A typical mathematics course takes 36 [5-day] weeks, with 50 minutes of class time and 50 minutes of homework per day. If the student did 100 XP per day on a 3,000-XP Math Academy course, they would complete the course in 5-6 weeks, about a 6x speedup. [This corresponds to a learning efficiency of (100 / 40)^0.1 = 1.1, and a completion time of 3000 / (100 * 1.1) = 27 days, or about 5 1/2 weeks.]

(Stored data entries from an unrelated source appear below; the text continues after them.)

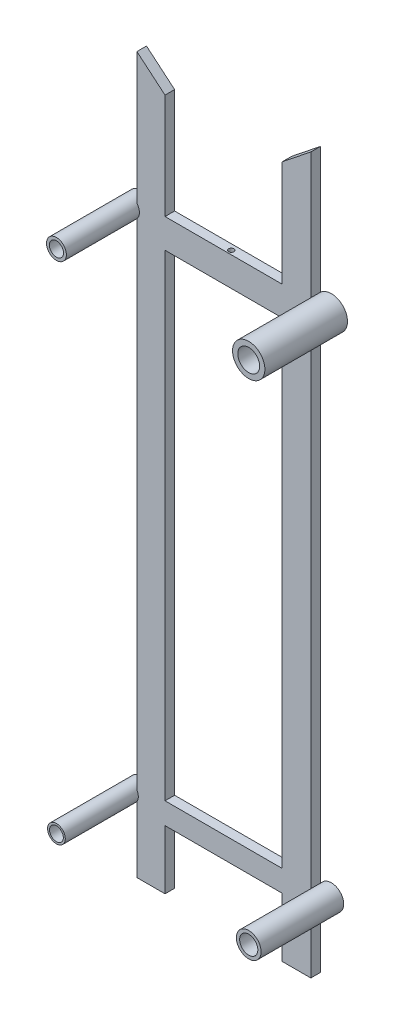
from build123d import *

# Parameters (mm, degrees)
BOSS_EXTRUDE1_START   = 600
SKETCH1_R             = 57.281017464
SKETCH1_R_2           = 38.771715285
BOSS_EXTRUDE1_DEPTH   = 293
SKETCH1_R_3           = 35.256926628
SKETCH1_R_4           = 25.147423748
BOSS_EXTRUDE1_2_DEPTH = 293
SKETCH1_R_5           = 31.428515318
SKETCH1_R_6           = 24.521075722
BOSS_EXTRUDE1_3_DEPTH = 293
SKETCH1_R_7           = 43.796557911
SKETCH1_R_8           = 32.254492843
BOSS_EXTRUDE1_4_DEPTH = 293
SKETCH2_W             = 616.707969139
SKETCH2_H             = 76.195303947
SKETCH2_H_2           = 103.48726304
BOSS_EXTRUDE2_DEPTH   = 34
SKETCH6_R             = 9.313662058
CUT_EXTRUDE3_DEPTH    = 126


with BuildPart() as part:
    # Sketch1 → Boss-Extrude1 (new body)
    with BuildSketch(Plane.XY.offset(427.014108562).offset(BOSS_EXTRUDE1_START)):
        with Locations((1173.639225527, -317.201613393)):
            Circle(SKETCH1_R)
        with Locations((1173.639225527, -317.201613393)):
            Circle(SKETCH1_R_2, mode=Mode.SUBTRACT)
    extrude(amount=BOSS_EXTRUDE1_DEPTH)



with BuildPart() as body_2:
    # Sketch1 → Boss-Extrude1 2 (new body)
    with BuildSketch(Plane.XY.offset(427.014108562).offset(BOSS_EXTRUDE1_START)):
        with Locations((491.765116758, -317.201613393)):
            Circle(SKETCH1_R_3)
        with Locations((491.765116758, -317.201613393)):
            Circle(SKETCH1_R_4, mode=Mode.SUBTRACT)
    extrude(amount=BOSS_EXTRUDE1_2_DEPTH)


with BuildPart() as body_3:
    # Sketch1 → Boss-Extrude1 3 (new body)
    with BuildSketch(Plane.XY.offset(427.014108562).offset(BOSS_EXTRUDE1_START)):
        with Locations((491.765116758, -2112.860849235)):
            Circle(SKETCH1_R_5)
        with Locations((491.765116758, -2112.860849235)):
            Circle(SKETCH1_R_6, mode=Mode.SUBTRACT)
    extrude(amount=BOSS_EXTRUDE1_3_DEPTH)


with BuildPart() as body_4:
    # Sketch1 → Boss-Extrude1 4 (new body)
    with BuildSketch(Plane.XY.offset(427.014108562).offset(BOSS_EXTRUDE1_START)):
        with Locations((1173.639225527, -2112.860849235)):
            Circle(SKETCH1_R_7)
        with Locations((1173.639225527, -2112.860849235)):
            Circle(SKETCH1_R_8, mode=Mode.SUBTRACT)
    extrude(amount=BOSS_EXTRUDE1_4_DEPTH)


with BuildPart() as part_1:
    add(part.part)

    add(body_2.part)  # Boss-Extrude2 merges body 2

    add(body_3.part)  # Boss-Extrude2 merges body 3

    add(body_4.part)  # Boss-Extrude2 merges body 4
    # Sketch2 → Boss-Extrude2 (add)
    with BuildSketch(Plane(origin=(0, 0, 1027.014108562), x_dir=(-1, 0, 0), z_dir=(0, 0, -1))):
        Polygon((-1134.867510242, 91.617150216), (-1134.867510242, 172.765208514), (-1033.166693927, 91.617150216), (-1033.166693927, -2363.997444221), (-1134.867510242, -2363.997444221), align=None)
        Polygon((-518.159541103, -2363.997444221), (-617.883714932, -2363.997444221), (-617.883714932, 88.905828795), (-518.159541103, 172.765208514), (-518.159541103, 88.905828795), align=None)
        with Locations((-826.513525673, -2116.408610896)):
            Rectangle(SKETCH2_W, SKETCH2_H)
        with Locations((-826.513525673, -335.838828239)):
            Rectangle(SKETCH2_W, SKETCH2_H_2)
    extrude(amount=-BOSS_EXTRUDE2_DEPTH)

    # Sketch6 → Cut-Extrude3 (cut)
    with BuildSketch(Plane(origin=(0, -284.095196719, 0), x_dir=(1, 0, 0), z_dir=(0, 1, 0))):
        with Locations(Location((838.898443774, -1047.155157013, 0), (0, 0, 270))):
            Circle(SKETCH6_R)
    extrude(amount=-CUT_EXTRUDE3_DEPTH, mode=Mode.SUBTRACT)


solid = part_1.part

Math Academy recommends doing at least 15 XP per day to complete a course in a reasonable time (less than a year), but recommends a faster pace for best results. [The calculated learning efficiency for 15 XP per day would be (15 / 40)^0.1 = 0.91, and the course course completion time for a 3,000 XP course would be 3000 / (15 * 0.91) = 220 days or 44 weeks, a little bit longer than a traditional school course.]

Chapter 29. Technical Deep Dive on Prioritizing Core Topics

A Math Academy course includes both core topics and supplemental topics, with core topics prioritized. Core topics are identified by a proprietary algorithm running against the course’s knowledge graph. Any topic identified as core will have all its prerequisites as core as well.

Supplemental topics are often present mainly because they are part of educational standards (e.g., Common Core). Core topics are the focus of the Mathematical Foundations (MF) series of courses, which are intended for adult learners who need a refresher on K-12 math but are not subject to Common Core or other requirements. The Mathematical Foundations courses are prerequisites for university-level courses.

This concludes my discussion of Part V of The Math Academy Way. In part 8 of this series I’ll discuss the final sections of the book, with a focus on “Frequently Asked Questions,” which includes answers for questions that might be asked by either students taking Math Academy courses or those interested in doing so.